Thursday
Jul142011

Timothy Lee on Bitcoin Privacy

Timothy Lee for Forbes
In other words, Bitcoin’s alleged privacy benefits mostly reflect the fact that the government isn’t really trying to spy on Bitcoin users. It hasn’t built the kind of surveillance infrastructure the government has for tracking dollar-denominated transactions. And to be clear, I would rather that infrastructure not exist. But if Bitcoin becomes popular, the government will build precisely the same infrastructure for spying on the Bitcoin network. And when they do, it will become clear that for ordinary users, Bitcoin is, if anything, less surveillance-resistent than traditional cash.
And that concludes our hopes for Bitcoins.
Thursday
Jul142011

Maybe Bitcoins Aren't That Stupid

What is Bitcoin?

Though having been around for a while, worth linking to in light of the Eurozone fiasco.

Thursday
Jul142011

If Italy Goes Bust

The Economist:
Consider the stakes. Italy has the biggest sovereign-debt market in Europe and the third-biggest in the world. It has €1.9 trillion ($2.6 trillion) of sovereign debt outstanding, 120% of its GDP, three times as much as Greece, Ireland and Portugal combined—and far more than the €250 billion or so left in the European Financial Stability Facility (EFSF), the currency club’s rescue kitty. Default would have calamitous consequences for the euro and the world economy.
Disturbing and shockingly imminent.
Thursday
Jul142011

The Home Button Issue

Lukas Mathis cogently demonstrates one of the iPhone’s worst shortcomings:

If an iPhone user gets confused about what’s going on, it’s never quite clear how to get the phone back into its default state. If you’ve just opened a folder, the home button will close it. If you’re in Springboard, but no folders are open, the home button will move you to the first screen. If you’re on the first screen, it’ll move you to the Search screen. And so on. The home button does different things, depending on the current state of your iPhone.

He also linked to this process map of how the home button works, and followed up:

It’s not clear to me why Apple does this at all.
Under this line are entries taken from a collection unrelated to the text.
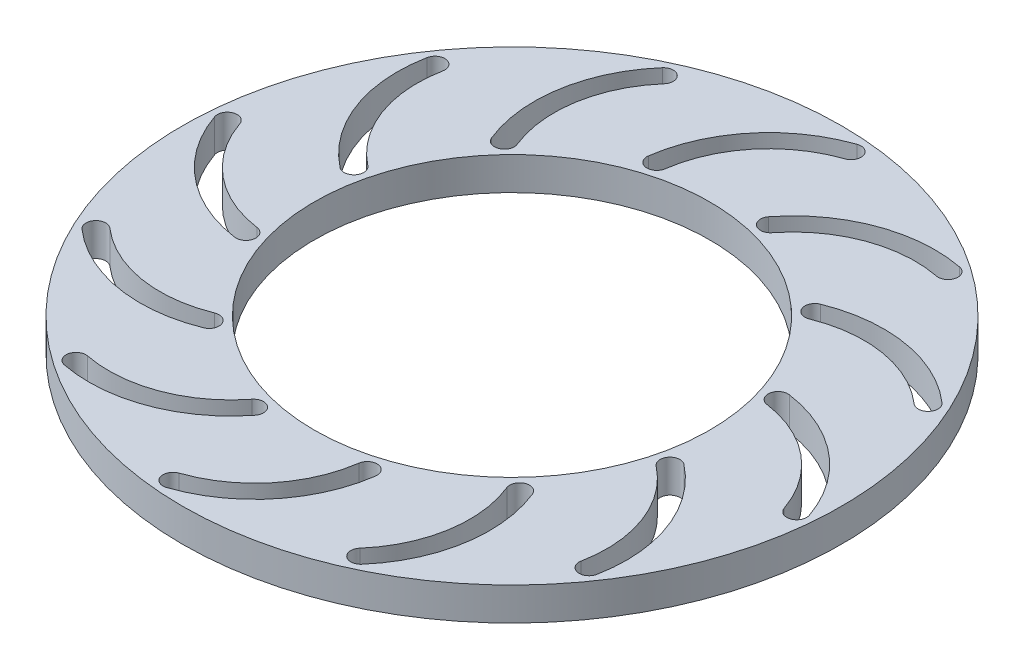
SolidWorks part; units mm, degrees
ref_plane "Front Plane" through (0, 0, 0) normal (0, 0, 1) x (1, 0, 0)
ref_plane "Top Plane" through (0, 0, 0) normal (0, 1, 0) x (1, 0, 0)
ref_plane "Right Plane" through (0, 0, 0) normal (1, 0, 0) x (0, 0, -1)
sketch "Sketch1" plane through (0, 0, 0) normal (0, 1, 0) x (1, 0, 0)
  circle A0 centre (0, 0) radius 3
  circle A1 centre (0, 0) radius 5
  circle A2 centre (0, 0) radius 3.25
  circle A3 centre (0, 0) radius 4.75
  arc A4 (0.7617, 3.1595) -> (2.7232, 3.8919) centre (2.3385, 1.9292) cw construction
  arc A5 (2.752, 4.0391) -> (0.6434, 3.2518) centre (2.3385, 1.9292) ccw
  arc A6 (2.6943, 3.7447) -> (0.8799, 3.0672) centre (2.3385, 1.9292) ccw
  arc A7 (2.6943, 3.7447) -> (2.752, 4.0391) centre (2.7232, 3.8919) ccw
  arc A8 (0.6434, 3.2518) -> (0.8799, 3.0672) centre (0.7617, 3.1595) ccw
  arc A9 (4.2057, 1.8958) -> (2.2956, 2.2163) centre (2.9898, 0.5015) ccw
  arc A10 (4.2057, 1.8958) -> (4.4029, 2.1219) centre (4.3043, 2.0089) ccw
  arc A11 (2.1831, 2.4944) -> (2.2956, 2.2163) centre (2.2394, 2.3554) ccw
  arc A12 (4.4029, 2.1219) -> (2.1831, 2.4944) centre (2.9898, 0.5015) ccw
  arc A13 (2.2394, 2.3554) -> (4.3043, 2.0089) centre (2.9898, 0.5015) cw construction
  arc A14 (4.5902, -0.461) -> (3.0963, 0.7716) centre (2.84, -1.0606) ccw
  arc A15 (4.5902, -0.461) -> (4.874, -0.3638) centre (4.7321, -0.4124) ccw
  arc A16 (3.1378, 1.0687) -> (3.0963, 0.7716) centre (3.117, 0.9201) ccw
  arc A17 (4.874, -0.3638) -> (3.1378, 1.0687) centre (2.84, -1.0606) ccw
  arc A18 (3.117, 0.9201) -> (4.7321, -0.4124) centre (2.84, -1.0606) cw construction
  arc A19 (3.7447, -2.6943) -> (3.0672, -0.8799) centre (1.9292, -2.3385) ccw
  arc A20 (3.7447, -2.6943) -> (4.0391, -2.752) centre (3.8919, -2.7232) ccw
  arc A21 (3.2518, -0.6434) -> (3.0672, -0.8799) centre (3.1595, -0.7617) ccw
  arc A22 (4.0391, -2.752) -> (3.2518, -0.6434) centre (1.9292, -2.3385) ccw
  arc A23 (3.1595, -0.7617) -> (3.8919, -2.7232) centre (1.9292, -2.3385) cw construction
  arc A24 (1.8958, -4.2057) -> (2.2163, -2.2956) centre (0.5015, -2.9898) ccw
  arc A25 (1.8958, -4.2057) -> (2.1219, -4.4029) centre (2.0089, -4.3043) ccw
  arc A26 (2.4944, -2.1831) -> (2.2163, -2.2956) centre (2.3554, -2.2394) ccw
  arc A27 (2.1219, -4.4029) -> (2.4944, -2.1831) centre (0.5015, -2.9898) ccw
  arc A28 (2.3554, -2.2394) -> (2.0089, -4.3043) centre (0.5015, -2.9898) cw construction
  arc A29 (-0.461, -4.5902) -> (0.7716, -3.0963) centre (-1.0606, -2.84) ccw
  arc A30 (-0.461, -4.5902) -> (-0.3638, -4.874) centre (-0.4124, -4.7321) ccw
  arc A31 (1.0687, -3.1378) -> (0.7716, -3.0963) centre (0.9201, -3.117) ccw
  arc A32 (-0.3638, -4.874) -> (1.0687, -3.1378) centre (-1.0606, -2.84) ccw
  arc A33 (0.9201, -3.117) -> (-0.4124, -4.7321) centre (-1.0606, -2.84) cw construction
  arc A34 (-2.6943, -3.7447) -> (-0.8799, -3.0672) centre (-2.3385, -1.9292) ccw
  arc A35 (-2.6943, -3.7447) -> (-2.752, -4.0391) centre (-2.7232, -3.8919) ccw
  arc A36 (-0.6434, -3.2518) -> (-0.8799, -3.0672) centre (-0.7617, -3.1595) ccw
  arc A37 (-2.752, -4.0391) -> (-0.6434, -3.2518) centre (-2.3385, -1.9292) ccw
  arc A38 (-0.7617, -3.1595) -> (-2.7232, -3.8919) centre (-2.3385, -1.9292) cw construction
  arc A39 (-4.2057, -1.8958) -> (-2.2956, -2.2163) centre (-2.9898, -0.5015) ccw
  arc A40 (-4.2057, -1.8958) -> (-4.4029, -2.1219) centre (-4.3043, -2.0089) ccw
  arc A41 (-2.1831, -2.4944) -> (-2.2956, -2.2163) centre (-2.2394, -2.3554) ccw
  arc A42 (-4.4029, -2.1219) -> (-2.1831, -2.4944) centre (-2.9898, -0.5015) ccw
  arc A43 (-2.2394, -2.3554) -> (-4.3043, -2.0089) centre (-2.9898, -0.5015) cw construction
  arc A44 (-4.5902, 0.461) -> (-3.0963, -0.7716) centre (-2.84, 1.0606) ccw
  arc A45 (-4.5902, 0.461) -> (-4.874, 0.3638) centre (-4.7321, 0.4124) ccw
  arc A46 (-3.1378, -1.0687) -> (-3.0963, -0.7716) centre (-3.117, -0.9201) ccw
  arc A47 (-4.874, 0.3638) -> (-3.1378, -1.0687) centre (-2.84, 1.0606) ccw
  arc A48 (-3.117, -0.9201) -> (-4.7321, 0.4124) centre (-2.84, 1.0606) cw construction
  arc A49 (-3.7447, 2.6943) -> (-3.0672, 0.8799) centre (-1.9292, 2.3385) ccw
  arc A50 (-3.7447, 2.6943) -> (-4.0391, 2.752) centre (-3.8919, 2.7232) ccw
  arc A51 (-3.2518, 0.6434) -> (-3.0672, 0.8799) centre (-3.1595, 0.7617) ccw
  arc A52 (-4.0391, 2.752) -> (-3.2518, 0.6434) centre (-1.9292, 2.3385) ccw
  arc A53 (-3.1595, 0.7617) -> (-3.8919, 2.7232) centre (-1.9292, 2.3385) cw construction
  arc A54 (-1.8958, 4.2057) -> (-2.2163, 2.2956) centre (-0.5015, 2.9898) ccw
  arc A55 (-1.8958, 4.2057) -> (-2.1219, 4.4029) centre (-2.0089, 4.3043) ccw
  arc A56 (-2.4944, 2.1831) -> (-2.2163, 2.2956) centre (-2.3554, 2.2394) ccw
  arc A57 (-2.1219, 4.4029) -> (-2.4944, 2.1831) centre (-0.5015, 2.9898) ccw
  arc A58 (-2.3554, 2.2394) -> (-2.0089, 4.3043) centre (-0.5015, 2.9898) cw construction
  arc A59 (0.461, 4.5902) -> (-0.7716, 3.0963) centre (1.0606, 2.84) ccw
  arc A60 (0.461, 4.5902) -> (0.3638, 4.874) centre (0.4124, 4.7321) ccw
  arc A61 (-1.0687, 3.1378) -> (-0.7716, 3.0963) centre (-0.9201, 3.117) ccw
  arc A62 (0.3638, 4.874) -> (-1.0687, 3.1378) centre (1.0606, 2.84) ccw
  arc A63 (-0.9201, 3.117) -> (0.4124, 4.7321) centre (1.0606, 2.84) cw construction
  point P6 (1.6389, 3.8029)
  point P14 (3.3208, 2.4739)
  point P15 (0, 0)
  point P24 (4.1129, 0.4821)
  point P32 (3.8029, -1.6389)
  point P40 (2.4739, -3.3208)
  point P48 (0.4821, -4.1129)
  point P56 (-1.6389, -3.8029)
  point P64 (-3.3208, -2.4739)
  point P72 (-4.1129, -0.4821)
  point P80 (-3.8029, 1.6389)
  point P88 (-2.4739, 3.3208)
  point P96 (-0.4821, 4.1129)
  point P104 (0, 0)
  dimension "D1" = 6
  dimension "D2" = 0.25
  dimension "1" = 10
  dimension "D3" = 0.25
  dimension "D4" = 2
  dimension "D6" = 12
extrude "Boss-Extrude1" add sketch "Sketch1" along normal blind 0.5 contours A1 | A0
extrude "Cut-Extrude2" cut sketch "Sketch1<4>" along normal blind 0.5 contours A49 A51 A52 A50
sketch "Sketch1<4>" plane through (0, 0, 0) normal (0, 1, 0) x (1, 0, 0) same geometry as "Sketch1"
extrude "Cut-Extrude3" cut sketch "Sketch1<6>" along normal blind 0.5 contours A54 A56 A57 A55 | A59 A61 A62 A60 | A6 A8 A5 A7
sketch "Sketch1<6>" plane through (0, 0, 0) normal (0, 1, 0) x (1, 0, 0) same geometry as "Sketch1"
extrude "Cut-Extrude5" cut sketch "Sketch1<7>" along normal blind 0.5 contours A12 A11 A9 A10 | A17 A16 A14 A15 | A22 A21 A19 A20 | A27 A26 A24 A25 | A32 A31 A29 A30 | A34 A36 A37 A35 | A39 A41 A42 A40 | A44 A46 A47 A45
sketch "Sketch1<7>" plane through (0, 0, 0) normal (0, 1, 0) x (1, 0, 0) same geometry as "Sketch1"
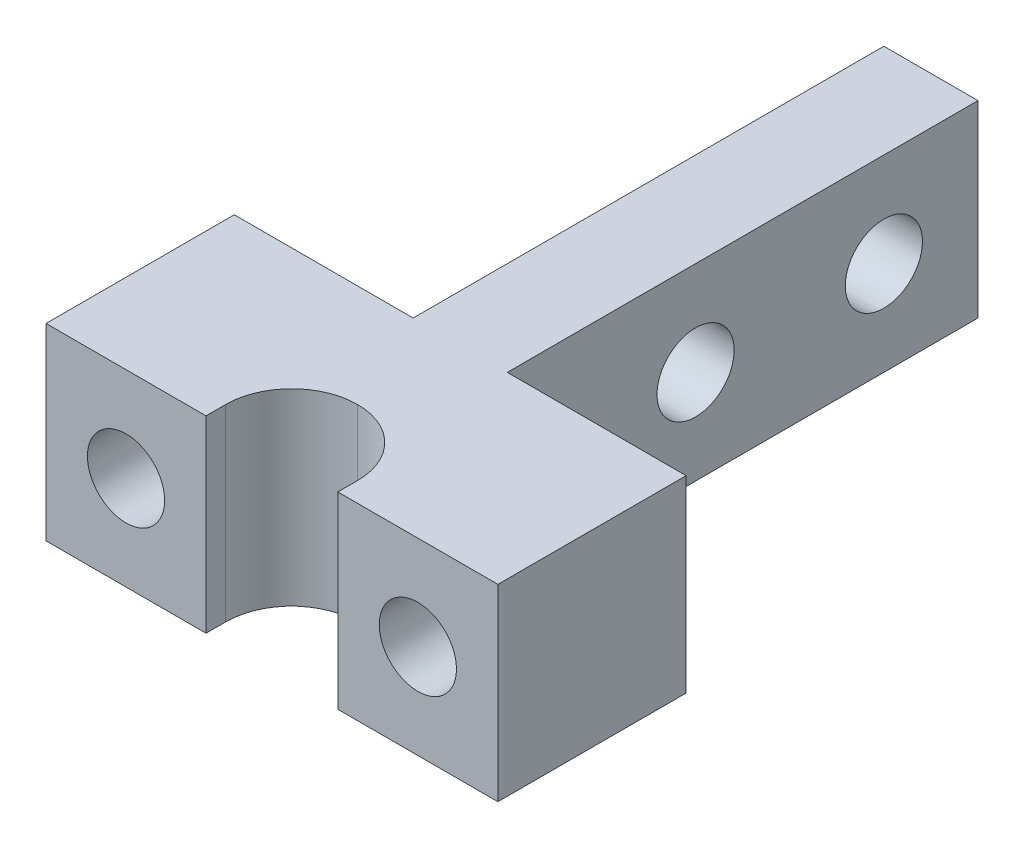
SolidWorks part; units mm, degrees
ref_plane "Спереди" through (0, 0, 0) normal (0, 0, 1) x (1, 0, 0)
ref_plane "Сверху" through (0, 0, 0) normal (0, 1, 0) x (1, 0, 0)
ref_plane "Справа" through (0, 0, 0) normal (1, 0, 0) x (0, 0, -1)
sketch "Sketch1" plane through (0, 0, 0) normal (0, 1, 0) x (1, 0, 0)
  line L0 (-22.986, 8.6014) -> (-22.986, -11.3986)
  line L1 (-22.986, -11.3986) -> (-5.986, -11.3986)
  line L2 (-5.986, -11.3986) -> (-5.986, -2.3077)
  line L3 (-5.986, -2.3077) -> (8.014, -2.3077)
  line L4 (8.014, -2.3077) -> (8.014, -11.3986)
  line L5 (8.014, -11.3986) -> (25.014, -11.3986)
  line L6 (25.014, -11.3986) -> (25.014, 8.6014)
  line L7 (25.014, 8.6014) -> (6.014, 8.6014)
  line L8 (6.014, 8.6014) -> (6.014, 58.6014)
  line L9 (6.014, 58.6014) -> (-3.986, 58.6014)
  line L10 (-3.986, 58.6014) -> (-3.986, 8.6014)
  line L11 (-3.986, 8.6014) -> (-22.986, 8.6014)
  dimension "D1" = 20
  dimension "D2" = 48
  dimension "D3" = 50
  dimension "D4" = 10
  dimension "D5" = 14
extrude "Boss-Extrude1" add sketch "Sketch1" along normal blind 20
sketch "Sketch3" plane through (0, 0, 11.3986) normal (0, 0, 1) x (1, 0, 0)
  line L0 (-22.986, 10) -> (-5.986, 10) construction
  line L1 (-22.986, 20) -> (-22.986, 0) construction
  line L2 (-5.986, 20) -> (-5.986, 0) construction
  line L4 (8.014, 10) -> (25.014, 10) construction
  line L5 (8.014, 20) -> (8.014, 0) construction
  line L6 (25.014, 20) -> (25.014, 0) construction
  circle A0 centre (-14.486, 10) radius 4.1
  circle A1 centre (16.514, 10) radius 4.1
  dimension "D1" = 8.2
extrude "Cut-Extrude1" cut sketch "Sketch3" against normal through all
sketch "Sketch4" plane through (6.014, 0, 0) normal (1, 0, 0) x (0, 0, -1)
  line L0 (58.6014, 10) -> (8.6014, 10) construction
  line L1 (58.6014, 20) -> (58.6014, 0) construction
  line L2 (8.6014, 20) -> (8.6014, 0) construction
  circle A0 centre (28.6014, 10) radius 4.1
  circle A1 centre (48.6014, 10) radius 4.1
  dimension "D1" = 8.2
  dimension "D2" = 20
  dimension "D3" = 20
extrude "Cut-Extrude2" cut sketch "Sketch4" against normal through all
fillet "Fillet1" radius 7 2 edges at (-5.986, 10, 2.3077) (8.014, 10, 2.3077)

If I launch an app from the fifth home screen, is it highly likely that the next app I want to launch is also on that home screen? If I launch an app from inside a folder, is it highly likely that the next app I want to launch is also inside that folder? Probably not. So why not just send me to the first home screen when I hit home? That way, I always know where I end up when I hit «home».

Excellent stuff. This is just one example, in my opinion, of how much innovation is yet to come in mobile OS design. This competition hasn’t even got started yet.

Wednesday
Apr062011

The Save Icon

John Gruber, in March 2010:
Icon for the Save button is still a floppy disk, despite the fact that Apple hasn’t sold a machine with a floppy drive for a decade.
David Friedman, last week:
Not only don’t people use floppy disks anymore, but the options for saving are even more varied now than simple disk format. You might save to your own computer, or a drive on a server somewhere off in the cloud. You might even be using a program that autosaves in certain intervals without you needing to think about it.
Marco Arment, yesterday:
With the sophistication we have in modern hardware and software, there’s no reason anyone should ever lose any work to crashes or power outages because they forgot to hit Save for a while.
Here’s the case in favour of a save button: I do some web publishing for an organization at my university. We provide “normal” students with the ability to update club sites on their own. In this scenario, I have encountered countless examples where people inadvertently saved & published content to their website. In Web publishing, versioning is a big deal. In fact, often the publishing process jumps between many people, and if you’d have to navigate automated versions of every text on a website, mayhem would ensue. There is value in manual saving, or versioning.